Afirmou que, sem qualquer respaldo científico, e até mesmo de forma contraditória à conduta praticada por ocasião da assinatura do termo de compromisso socioambiental, os autores advogariam a tese de que os parâmetros trazidos pela Portaria nº 2.914/2011, do Ministério da Saúde, não poderiam balizar o controle de qualidade da água do Rio Doce, tendo em vista o quadro de anormalidade instalado pela passagem da “onda de rejeitos e lama”, bem como a imprestabilidade da Resolução CONAMA nº 357/2005 para funcionar como instrumento de aferição do potencial de risco dos contaminantes presentes no Rio Doce, já que sua metodologia não conseguiria distinguir entre “as substâncias que afetam a saúde humana e as inertes”.

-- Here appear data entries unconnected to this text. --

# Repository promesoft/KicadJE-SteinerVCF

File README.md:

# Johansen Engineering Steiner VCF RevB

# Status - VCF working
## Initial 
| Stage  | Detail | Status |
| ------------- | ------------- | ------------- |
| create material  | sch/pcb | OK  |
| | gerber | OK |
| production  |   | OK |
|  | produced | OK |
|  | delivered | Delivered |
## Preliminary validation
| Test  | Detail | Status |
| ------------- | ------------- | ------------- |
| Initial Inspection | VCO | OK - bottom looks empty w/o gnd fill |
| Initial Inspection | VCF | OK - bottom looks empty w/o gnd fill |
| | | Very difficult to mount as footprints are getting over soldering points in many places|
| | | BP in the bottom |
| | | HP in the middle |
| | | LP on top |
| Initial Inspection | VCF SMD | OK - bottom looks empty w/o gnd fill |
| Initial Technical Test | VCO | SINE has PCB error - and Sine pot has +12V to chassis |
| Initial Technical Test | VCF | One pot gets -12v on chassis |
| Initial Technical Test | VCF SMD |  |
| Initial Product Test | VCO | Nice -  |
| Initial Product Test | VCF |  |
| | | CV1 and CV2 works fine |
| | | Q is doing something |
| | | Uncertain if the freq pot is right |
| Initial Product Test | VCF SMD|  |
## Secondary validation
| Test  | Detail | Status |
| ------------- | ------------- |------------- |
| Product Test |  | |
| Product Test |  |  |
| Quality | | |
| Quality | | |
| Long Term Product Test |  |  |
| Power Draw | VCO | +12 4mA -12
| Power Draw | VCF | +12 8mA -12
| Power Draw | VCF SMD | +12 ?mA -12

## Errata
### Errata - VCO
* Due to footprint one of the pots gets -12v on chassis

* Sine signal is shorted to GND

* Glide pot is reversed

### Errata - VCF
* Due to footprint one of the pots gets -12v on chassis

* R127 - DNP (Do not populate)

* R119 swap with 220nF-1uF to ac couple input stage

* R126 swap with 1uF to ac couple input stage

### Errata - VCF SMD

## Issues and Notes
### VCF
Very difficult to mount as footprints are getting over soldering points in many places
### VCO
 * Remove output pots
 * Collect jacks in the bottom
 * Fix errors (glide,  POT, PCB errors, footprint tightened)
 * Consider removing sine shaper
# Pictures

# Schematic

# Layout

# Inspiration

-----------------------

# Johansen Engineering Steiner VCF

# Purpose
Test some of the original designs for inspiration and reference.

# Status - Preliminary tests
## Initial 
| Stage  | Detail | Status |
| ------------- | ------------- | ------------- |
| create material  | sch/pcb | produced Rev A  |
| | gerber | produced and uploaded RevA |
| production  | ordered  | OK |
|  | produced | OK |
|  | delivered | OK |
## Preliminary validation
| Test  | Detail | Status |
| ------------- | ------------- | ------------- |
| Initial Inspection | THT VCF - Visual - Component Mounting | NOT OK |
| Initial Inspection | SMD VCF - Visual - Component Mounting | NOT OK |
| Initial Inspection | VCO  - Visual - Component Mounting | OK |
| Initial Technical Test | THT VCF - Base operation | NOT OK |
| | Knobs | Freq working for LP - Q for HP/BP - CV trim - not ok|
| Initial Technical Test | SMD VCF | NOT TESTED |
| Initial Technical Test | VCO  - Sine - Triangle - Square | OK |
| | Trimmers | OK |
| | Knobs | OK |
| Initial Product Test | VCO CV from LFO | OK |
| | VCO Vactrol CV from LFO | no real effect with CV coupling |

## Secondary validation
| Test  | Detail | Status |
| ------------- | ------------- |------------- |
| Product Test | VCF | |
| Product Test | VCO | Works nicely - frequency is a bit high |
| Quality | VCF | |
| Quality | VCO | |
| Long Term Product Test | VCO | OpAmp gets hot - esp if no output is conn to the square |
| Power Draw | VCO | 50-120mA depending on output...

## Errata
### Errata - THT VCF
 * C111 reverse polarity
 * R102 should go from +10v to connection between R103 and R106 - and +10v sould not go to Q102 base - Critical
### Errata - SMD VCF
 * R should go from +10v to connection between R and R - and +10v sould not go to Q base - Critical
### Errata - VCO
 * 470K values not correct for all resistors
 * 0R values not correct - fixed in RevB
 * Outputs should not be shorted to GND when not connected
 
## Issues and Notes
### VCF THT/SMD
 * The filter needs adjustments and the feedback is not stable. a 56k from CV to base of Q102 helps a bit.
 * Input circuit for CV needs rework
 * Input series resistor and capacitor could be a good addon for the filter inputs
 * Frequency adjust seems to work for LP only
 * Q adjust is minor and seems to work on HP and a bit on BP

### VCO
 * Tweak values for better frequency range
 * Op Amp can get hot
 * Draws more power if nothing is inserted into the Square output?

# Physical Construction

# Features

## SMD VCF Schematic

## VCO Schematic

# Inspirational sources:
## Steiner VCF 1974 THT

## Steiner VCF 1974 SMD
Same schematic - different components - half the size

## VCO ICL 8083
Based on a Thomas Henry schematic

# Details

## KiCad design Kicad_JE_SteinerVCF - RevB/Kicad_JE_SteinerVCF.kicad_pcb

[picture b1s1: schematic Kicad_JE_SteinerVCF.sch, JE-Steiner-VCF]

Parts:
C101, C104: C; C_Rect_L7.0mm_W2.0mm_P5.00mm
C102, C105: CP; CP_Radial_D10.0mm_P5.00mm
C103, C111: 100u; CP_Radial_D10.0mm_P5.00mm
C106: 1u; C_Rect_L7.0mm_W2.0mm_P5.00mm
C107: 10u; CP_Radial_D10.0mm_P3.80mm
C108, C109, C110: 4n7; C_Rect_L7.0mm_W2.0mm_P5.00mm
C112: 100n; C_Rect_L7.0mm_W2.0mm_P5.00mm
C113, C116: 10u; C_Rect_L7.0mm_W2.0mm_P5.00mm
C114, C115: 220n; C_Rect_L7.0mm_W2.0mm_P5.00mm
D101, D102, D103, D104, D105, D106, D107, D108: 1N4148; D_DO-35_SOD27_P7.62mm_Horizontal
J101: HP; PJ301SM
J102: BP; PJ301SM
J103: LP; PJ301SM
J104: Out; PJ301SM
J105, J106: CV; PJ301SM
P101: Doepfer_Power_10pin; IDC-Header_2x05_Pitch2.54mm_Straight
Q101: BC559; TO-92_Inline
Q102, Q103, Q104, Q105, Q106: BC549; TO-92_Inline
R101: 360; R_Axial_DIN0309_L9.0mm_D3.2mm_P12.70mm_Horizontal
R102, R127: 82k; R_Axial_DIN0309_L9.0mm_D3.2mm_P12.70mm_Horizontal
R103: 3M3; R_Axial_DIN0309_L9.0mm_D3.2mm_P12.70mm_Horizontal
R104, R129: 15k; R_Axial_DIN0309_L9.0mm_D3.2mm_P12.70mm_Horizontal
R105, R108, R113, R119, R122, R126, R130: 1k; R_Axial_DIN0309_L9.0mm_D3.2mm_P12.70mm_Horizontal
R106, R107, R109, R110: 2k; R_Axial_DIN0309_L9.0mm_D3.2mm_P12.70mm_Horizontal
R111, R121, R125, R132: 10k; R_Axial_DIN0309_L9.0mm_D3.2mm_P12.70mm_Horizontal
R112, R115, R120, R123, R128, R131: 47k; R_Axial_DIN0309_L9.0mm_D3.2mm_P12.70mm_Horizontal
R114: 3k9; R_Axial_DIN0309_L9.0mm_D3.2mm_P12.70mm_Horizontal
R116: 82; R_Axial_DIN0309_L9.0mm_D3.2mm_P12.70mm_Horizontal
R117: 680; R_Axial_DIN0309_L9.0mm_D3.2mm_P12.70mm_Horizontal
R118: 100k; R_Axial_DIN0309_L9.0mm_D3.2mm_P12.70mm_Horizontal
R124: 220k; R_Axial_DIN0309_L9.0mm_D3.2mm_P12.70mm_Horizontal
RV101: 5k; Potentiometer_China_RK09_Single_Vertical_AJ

Apesar de considerar louvável a preocupação externada pelo Parquet, consignou que a desconfiança por ele lançada sobre as instituições que exercem a atividade de fiscalização e controle da qualidade e potabilidade da água na região de Colatina não mereceria guarida, pelo menos não em cognição rasa, porquanto a tese sustentada na inicial não se encontraria respaldada, minimamente, por um estudo técnico capaz de evidenciar a imprestabilidade ou contaminação da água tratada pelo SANEAR.

Ressaltou que não haveria no seio da Administração Pública (ou dos centros acadêmicos consultados, como, por exemplo, Universidade Federal de Minas Gerais) qualquer espécie de dúvida quanto à qualidade e potabilidade da água tratada, a qual, frisou, viria passando por um processo constante de controle de qualidade, o que afastaria, pelo menos nessa fase embrionária da relação processual, aplicação do princípio da precaução. Neste sentido o teor da declaração da Fundação Nacional de Saúde (fl. 1679), do parecer técnico da Gerência Estratégica de Vigilância em Saúde (fl. 1680), órgão vinculado à Secretaria Estadual de Saúde, do parecer do Departamento de Engenharia Sanitária e Ambiental da Universidade de Minas Gerais (UFMG – doc. Anexo) e do parecer emitido pela Companhia Espírito Santense de Saneamento (CESAN), subscrito por profissionais de engenharia química e por químicos (fl. 1677).

Destacou que seria natural o receio da população, afinal as consequências da tragédia ambiental ainda seriam visíveis. Não se poderia admitir, contudo, que profissionais com conhecimento técnico no assunto encampassem esse receio. Inclusive, os órgãos responsáveis pela fiscalização e monitoramento da água do Rio Doce, a fim de desmistificar o medo que se criou em torno do consumo dessa água, teriam lançado informações atestando a potabilidade e atendimento aos padrões estabelecidos na Portaria 2.914/2011, não oferecendo riscos à saúde.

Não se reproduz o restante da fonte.